Es ist Freitag 14.50 Uhr und das erste Mal das ich „Das Letzte“ nicht Sonntagabend um 23.30 Uhr schreibe. Der Grund dafür ist simpel, ich sitze hier, und weiß wieder mal nicht mehr weiter. Ich habe beschlossen es aufzuschreiben. Am Wochenende kommen noch gute Artikel, da will ich auch nicht reinplatzen. Deswegen hier also Floris kleiner Tagebucheintrag:

Ich hab kein Bock mehr. Nein ehrlich. Diese Woche war von einer Menge Hiobsbotschaften geprägt. Hitzerekorde, Studien die Schadensprognosen erstellen und heute Steffi Lemke die in der Pressekonferenz das Artensterben so weit sieht, dass unsere Lebensweise bedroht. Jetzt sitze ich hier und weine.

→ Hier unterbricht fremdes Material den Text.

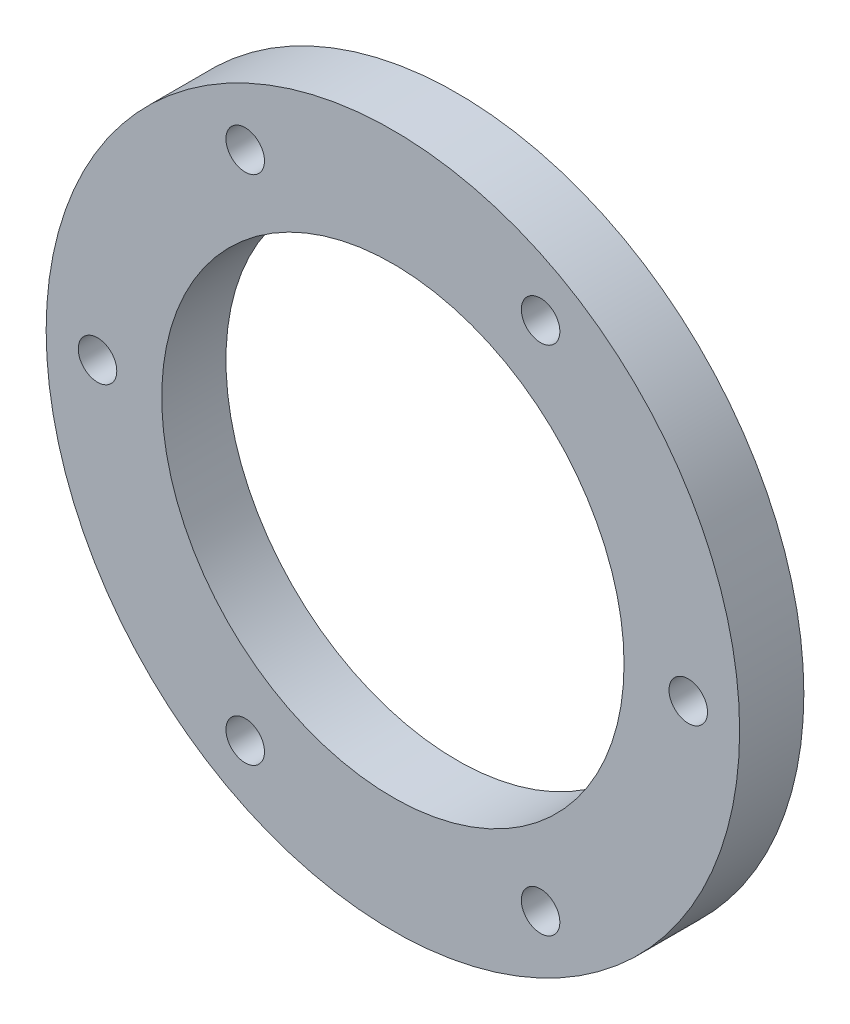
SolidWorks part; units mm, degrees
material "Acrylic (Medium-high impact)"
ref_plane "Front Plane" through (0, 0, 0) normal (0, 0, 1) x (1, 0, 0)
ref_plane "Top Plane" through (0, 0, 0) normal (0, 1, 0) x (1, 0, 0)
ref_plane "Right Plane" through (0, 0, 0) normal (1, 0, 0) x (0, 0, -1)
sketch "Sketch1" plane through (0, 0, 0) normal (0, 0, 1) x (1, 0, 0)
  line L0 (0, 34.8882) -> (0, -35.3531) construction
  line L1 (0, -35.3531) -> (0, 0) construction
  line L2 (0, 0) -> (-48.3544, 0) construction
  line L3 (-48.3544, 0) -> (47.9766, 0) construction
  line L4 (-26.5908, 46.0566) -> (27.6893, -47.9592) construction
  line L5 (27.6893, -47.9592) -> (0, 0) construction
  line L6 (0, 0) -> (21.8015, 37.7613) construction
  line L7 (0, 0) -> (-24.3439, -42.1648) construction
  circle A0 centre (0, 0) radius 27
  circle A2 centre (0, 0) radius 18
  circle A7 centre (0, 0) radius 23 construction
  circle A8 centre (-11.5, 19.9186) radius 1.5
  circle A9 centre (-23, 0) radius 1.5
  circle A10 centre (-11.5, -19.9186) radius 1.5
  circle A12 centre (11.5, -19.9186) radius 1.5
  circle A13 centre (23, 0) radius 1.5
  circle A14 centre (11.5, 19.9186) radius 1.5
  dimension "D2" = 60
  dimension "D4" = 3
  dimension "D5" = 3
  dimension "D3" = 60
extrude "Boss-Extrude1" add sketch "Sketch1" along normal blind 5

Es wird diesen Sommer das erste Mal wirklich, wirklich heiß werden. Nicht das erste Mal, weil ich Anfang 20 und naiv bin, sondern unter anderem, auch weil die atlantische meridionale Umwälzzirkulation (AMOC) immer schwächer wird. Langfristig scheinen die Auswirkungen ziemlich apokalyptisch, das zu besprechen würde hier aber den Rahmen sprengen. Fürs erste hieße ein schwächerer oder kaputter AMOC vor allem eins: heiße Luft kommt aus dem Süden nach Europa und die Durchschnittstemperaturen steigen. Resultat wäre, dass man im Sommer nicht vor 18.00 Uhr das Haus verlassen kann. Und dass die Schwächeren unserer Gesellschaft reihenweise Schwächeanfälle und in Teilen Hitzetode erleiden werden. Zentral ist aber vor allem, das Problem reiht sich in die übliche Schlange der Ignoranz ein. Es wurde seit Jahren angekündigt. Es wurde gewarnt. Anpassung wäre angesagt. Ökosysteme müssten robuster und unsere Lebensmittelversorgung garantierbar werden. Vor allem aber müsste die Erderwärmung begrenzt und CO2-Ausstoß reduziert werden. Theoretisch...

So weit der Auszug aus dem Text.